Fairness, Recognition, and the Future of Early Childhood Teaching
Recent policy decisions made by Goodstart Early Learning, Australia’s largest early childhood provider indicating that Graduate Diploma and Postgraduate Diploma qualifications in Early Childhood Education will no longer be recognised for Early Childhood Teacher (ECT) status have caused significant concern within the sector. For many experienced educators like me, this shift represents not only a change in regulation, but a devaluation of professional practice, experience, and contribution. Hence, these developments are deeply disheartening.
I hold a Degree in Nursing, Bachelor of Arts in Psychology and completed my Postgraduate Diploma in Early Childhood Education, graduating in 2015. Since then, I have worked continuously as an Early Childhood Teacher across early learning settings. Throughout my career, I have met registration requirements, demonstrated professional competence, contributed to program leaderships and served as a mentor to provisionally registered teachers supporting them toward full registration. These responsibilities were entrusted to me based on evidence of practice, not merely the title of my qualification.
The rationale often cited for excluding postgraduate-qualified teachers is the perception that they lack sufficient practical skills or foundational early childhood knowledge. This assumption is overly generalised and does not reflect the realities of professional practice. Teacher capability varies widely across the profession, regardless of qualification pathway. I have observed teachers with four-year undergraduate degrees struggle to meet the demands of early childhood education, just as I have seen postgraduate-qualified teachers demonstrate high levels of competence, professionalism, and reflective practice.
The effectiveness of an Early Childhood Teacher is shaped by multiple factors, including individual disposition, commitment to professional learning, mentoring, centre leadership, and workplace culture. To attribute perceived shortcomings in practice to a single qualification pathway ignores these broader systemic and contextual influences. If concerns exist regarding teaching quality in early childhood education, they should be addressed through stronger professional support structures, accountability measures, and quality assurance processes rather than the exclusion of an entire group of qualified educators.
It is also important to note that this form of post-qualification reclassification is uncommon in other professions. In fields such as health, psychology, social work, or allied education roles, postgraduate qualifications are recognised as legitimate and often valued pathways into professional practice. The question then arises: why should early childhood education allow this to occur, particularly in a sector already experiencing workforce shortages, high turnover, and significant levels of professional burnout.

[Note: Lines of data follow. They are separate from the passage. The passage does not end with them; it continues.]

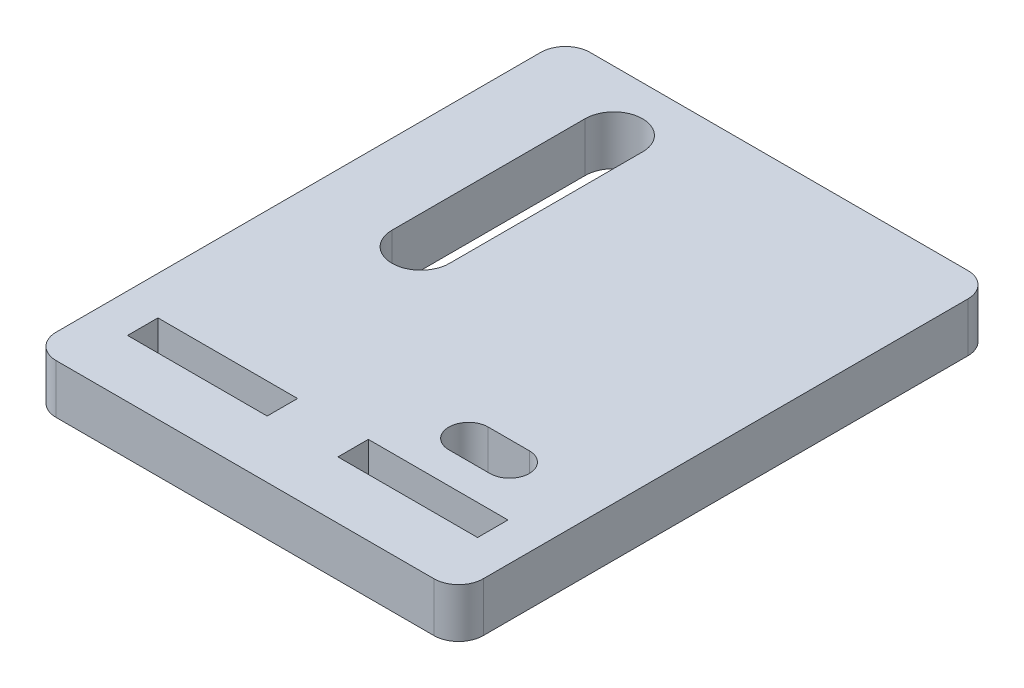
ISO-10303-21;
HEADER;
FILE_DESCRIPTION(('STEP AP214'),'2;1');
FILE_NAME('part.step','',(''),(''),'','','');
FILE_SCHEMA(('AUTOMOTIVE_DESIGN { 1 0 10303 214 1 1 1 1 }'));
ENDSEC;
DATA;
#1=APPLICATION_CONTEXT('core data for automotive mechanical design processes');
#2=APPLICATION_PROTOCOL_DEFINITION('international standard','automotive_design',2000,#1);
#3=PRODUCT_CONTEXT('',#1,'mechanical');
#4=PRODUCT('Part','Part','',(#3));
#5=PRODUCT_RELATED_PRODUCT_CATEGORY('part','',(#4));
#6=PRODUCT_DEFINITION_FORMATION('','',#4);
#7=PRODUCT_DEFINITION_CONTEXT('part definition',#1,'design');
#8=PRODUCT_DEFINITION('design','',#6,#7);
#9=PRODUCT_DEFINITION_SHAPE('','',#8);
#10=(LENGTH_UNIT() NAMED_UNIT(*) SI_UNIT(.MILLI.,.METRE.));
#11=(NAMED_UNIT(*) PLANE_ANGLE_UNIT() SI_UNIT($,.RADIAN.));
#12=(NAMED_UNIT(*) SI_UNIT($,.STERADIAN.) SOLID_ANGLE_UNIT());
#13=UNCERTAINTY_MEASURE_WITH_UNIT(LENGTH_MEASURE(1.E-05),#10,'distance_accuracy_value','');
#14=(GEOMETRIC_REPRESENTATION_CONTEXT(3) GLOBAL_UNCERTAINTY_ASSIGNED_CONTEXT((#13)) GLOBAL_UNIT_ASSIGNED_CONTEXT((#10,
#11,#12)) REPRESENTATION_CONTEXT('',''));
#15=CARTESIAN_POINT('',(0.,0.,0.));
#16=DIRECTION('',(0.,0.,1.));
#17=DIRECTION('',(1.,0.,0.));
#18=AXIS2_PLACEMENT_3D('',#15,#16,#17);
#19=CARTESIAN_POINT('',(0.,6.,0.));
#20=DIRECTION('',(0.,-1.,0.));
#21=DIRECTION('',(0.,0.,-1.));
#22=AXIS2_PLACEMENT_3D('',#19,#20,#21);
#23=PLANE('',#22);
#24=DIRECTION('',(0.,0.,1.));
#25=VECTOR('',#24,1.);
#26=CARTESIAN_POINT('',(-16.3077715235031,6.,-25.2));
#27=LINE('',#26,#25);
#28=CARTESIAN_POINT('',(-16.3077715235031,6.,-25.2));
#29=VERTEX_POINT('',#28);
#30=CARTESIAN_POINT('',(-16.307771523503,6.,-1.7));
#31=VERTEX_POINT('',#30);
#32=EDGE_CURVE('E220',#29,#31,#27,.T.);
#33=ORIENTED_EDGE('',*,*,#32,.F.);
#34=CARTESIAN_POINT('',(-12.8077715235031,6.,-25.2));
#35=DIRECTION('',(0.,1.,0.));
#36=DIRECTION('',(0.,0.,1.));
#37=AXIS2_PLACEMENT_3D('',#34,#35,#36);
#38=CIRCLE('',#37,3.5);
#39=CARTESIAN_POINT('',(-9.30777152350306,6.,-25.2));
#40=VERTEX_POINT('',#39);
#41=EDGE_CURVE('E48',#40,#29,#38,.T.);
#42=ORIENTED_EDGE('',*,*,#41,.F.);
#43=DIRECTION('',(0.,0.,-1.));
#44=VECTOR('',#43,1.);
#45=CARTESIAN_POINT('',(-9.30777152350306,6.,-25.2));
#46=LINE('',#45,#44);
#47=CARTESIAN_POINT('',(-9.30777152350305,6.,-1.7));
#48=VERTEX_POINT('',#47);
#49=EDGE_CURVE('E211',#48,#40,#46,.T.);
#50=ORIENTED_EDGE('',*,*,#49,.F.);
#51=CARTESIAN_POINT('',(-12.8077715235031,6.,-1.7));
#52=DIRECTION('',(0.,1.,0.));
#53=DIRECTION('',(0.,0.,1.));
#54=AXIS2_PLACEMENT_3D('',#51,#52,#53);
#55=CIRCLE('',#54,3.5);
#56=EDGE_CURVE('E214',#31,#48,#55,.T.);
#57=ORIENTED_EDGE('',*,*,#56,.F.);
#58=EDGE_LOOP('',(#33,#42,#50,#57));
#59=FACE_BOUND('',#58,.T.);
#60=DIRECTION('',(1.,0.,0.));
#61=VECTOR('',#60,1.);
#62=CARTESIAN_POINT('',(10.307771523503,6.,18.));
#63=LINE('',#62,#61);
#64=CARTESIAN_POINT('',(10.307771523503,6.,18.));
#65=VERTEX_POINT('',#64);
#66=CARTESIAN_POINT('',(15.3077715235031,6.,18.));
#67=VERTEX_POINT('',#66);
#68=EDGE_CURVE('E245',#65,#67,#63,.T.);
#69=ORIENTED_EDGE('',*,*,#68,.F.);
#70=CARTESIAN_POINT('',(10.307771523503,6.,15.6));
#71=DIRECTION('',(0.,1.,0.));
#72=DIRECTION('',(0.,0.,1.));
#73=AXIS2_PLACEMENT_3D('',#70,#71,#72);
#74=CIRCLE('',#73,2.39999999999999);
#75=CARTESIAN_POINT('',(10.307771523503,6.,13.2));
#76=VERTEX_POINT('',#75);
#77=EDGE_CURVE('E226',#76,#65,#74,.T.);
#78=ORIENTED_EDGE('',*,*,#77,.F.);
#79=DIRECTION('',(-1.,0.,0.));
#80=VECTOR('',#79,1.);
#81=CARTESIAN_POINT('',(10.307771523503,6.,13.2));
#82=LINE('',#81,#80);
#83=CARTESIAN_POINT('',(15.307771523503,6.,13.2));
#84=VERTEX_POINT('',#83);
#85=EDGE_CURVE('E234',#84,#76,#82,.T.);
#86=ORIENTED_EDGE('',*,*,#85,.F.);
#87=CARTESIAN_POINT('',(15.307771523503,6.,15.6));
#88=DIRECTION('',(0.,1.,0.));
#89=DIRECTION('',(0.,0.,1.));
#90=AXIS2_PLACEMENT_3D('',#87,#88,#89);
#91=CIRCLE('',#90,2.39999999999999);
#92=EDGE_CURVE('E248',#67,#84,#91,.T.);
#93=ORIENTED_EDGE('',*,*,#92,.F.);
#94=EDGE_LOOP('',(#69,#78,#86,#93));
#95=FACE_BOUND('',#94,.T.);
#96=DIRECTION('',(-1.,0.,0.));
#97=VECTOR('',#96,1.);
#98=CARTESIAN_POINT('',(-26.,6.,-32.5));
#99=LINE('',#98,#97);
#100=CARTESIAN_POINT('',(23.,6.,-32.5));
#101=VERTEX_POINT('',#100);
#102=CARTESIAN_POINT('',(-23.,6.,-32.5));
#103=VERTEX_POINT('',#102);
#104=EDGE_CURVE('E328',#101,#103,#99,.T.);
#105=ORIENTED_EDGE('',*,*,#104,.T.);
#106=CARTESIAN_POINT('',(-23.,6.,-29.5));
#107=DIRECTION('',(0.,-1.,0.));
#108=DIRECTION('',(0.,0.,-1.));
#109=AXIS2_PLACEMENT_3D('',#106,#107,#108);
#110=CIRCLE('',#109,3.);
#111=CARTESIAN_POINT('',(-26.,6.,-29.5));
#112=VERTEX_POINT('',#111);
#113=EDGE_CURVE('E372',#103,#112,#110,.F.);
#114=ORIENTED_EDGE('',*,*,#113,.T.);
#115=DIRECTION('',(0.,0.,1.));
#116=VECTOR('',#115,1.);
#117=CARTESIAN_POINT('',(-26.,6.,32.5));
#118=LINE('',#117,#116);
#119=CARTESIAN_POINT('',(-26.,6.,29.5));
#120=VERTEX_POINT('',#119);
#121=EDGE_CURVE('E332',#112,#120,#118,.T.);
#122=ORIENTED_EDGE('',*,*,#121,.T.);
#123=CARTESIAN_POINT('',(-23.,6.,29.5));
#124=DIRECTION('',(0.,-1.,0.));
#125=DIRECTION('',(0.,0.,-1.));
#126=AXIS2_PLACEMENT_3D('',#123,#124,#125);
#127=CIRCLE('',#126,3.);
#128=CARTESIAN_POINT('',(-23.,6.,32.5));
#129=VERTEX_POINT('',#128);
#130=EDGE_CURVE('E366',#120,#129,#127,.F.);
#131=ORIENTED_EDGE('',*,*,#130,.T.);
#132=DIRECTION('',(1.,0.,0.));
#133=VECTOR('',#132,1.);
#134=CARTESIAN_POINT('',(-26.,6.,32.5));
#135=LINE('',#134,#133);
#136=CARTESIAN_POINT('',(23.,6.,32.5));
#137=VERTEX_POINT('',#136);
#138=EDGE_CURVE('E335',#129,#137,#135,.T.);
#139=ORIENTED_EDGE('',*,*,#138,.T.);
#140=CARTESIAN_POINT('',(23.,6.,29.5));
#141=DIRECTION('',(0.,-1.,0.));
#142=DIRECTION('',(0.,0.,-1.));
#143=AXIS2_PLACEMENT_3D('',#140,#141,#142);
#144=CIRCLE('',#143,3.);
#145=CARTESIAN_POINT('',(26.,6.,29.5));
#146=VERTEX_POINT('',#145);
#147=EDGE_CURVE('E370',#137,#146,#144,.F.);
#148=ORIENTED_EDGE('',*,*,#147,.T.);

While it is acknowledged that some individuals may pursue Graduate Diploma qualifications primarily as a pathway to permanent residency, this should not be used to characterise or discredit all postgraduate-qualified teachers.
The actions or motivations of some individuals do not represent the intentions,professionalism, or capability of the whole group. Such generalisations undermine the principles of fairness and equity that the profession itself seeks to model. Early childhood education should be grounded in empowerment, professional respect, and recognition of diverse pathways into teaching. Policies that belittle or marginalise experienced educators’ risk further destabilising an already vulnerable sector. Recognition should be based on demonstrated competence, sustained professional practice, and commitment to children and families—not on assumptions tied to qualification labels.
Early childhood education is, at its core, a profession concerned with supporting children’s learning, development, and wellbeing. This work demands intellectual engagement, ethical commitment, and reflective professional practice. Policies that effectively marginalise experienced teachers based on qualification labels risk undermining both professional dignity and sector capacity.
Rather than narrowing the pathways through which competent teachers can be recognised, the sector should focus on strengthening professional supports, enhancing workplace conditions, and ensuring that regulatory frameworks reflect evidence of quality practice. Recognition of teachers should be grounded in demonstrated competence, ongoing professional growth, and commitment to children and families -not assumptions rooted in simplistic distinctions between qualification pathways.
As an experienced Early Childhood Teacher, I remain confident in the value of my training, my practice, and my contribution to the profession. A sector that seeks to thrive must recognise and support the educators who have already proven their capability within it.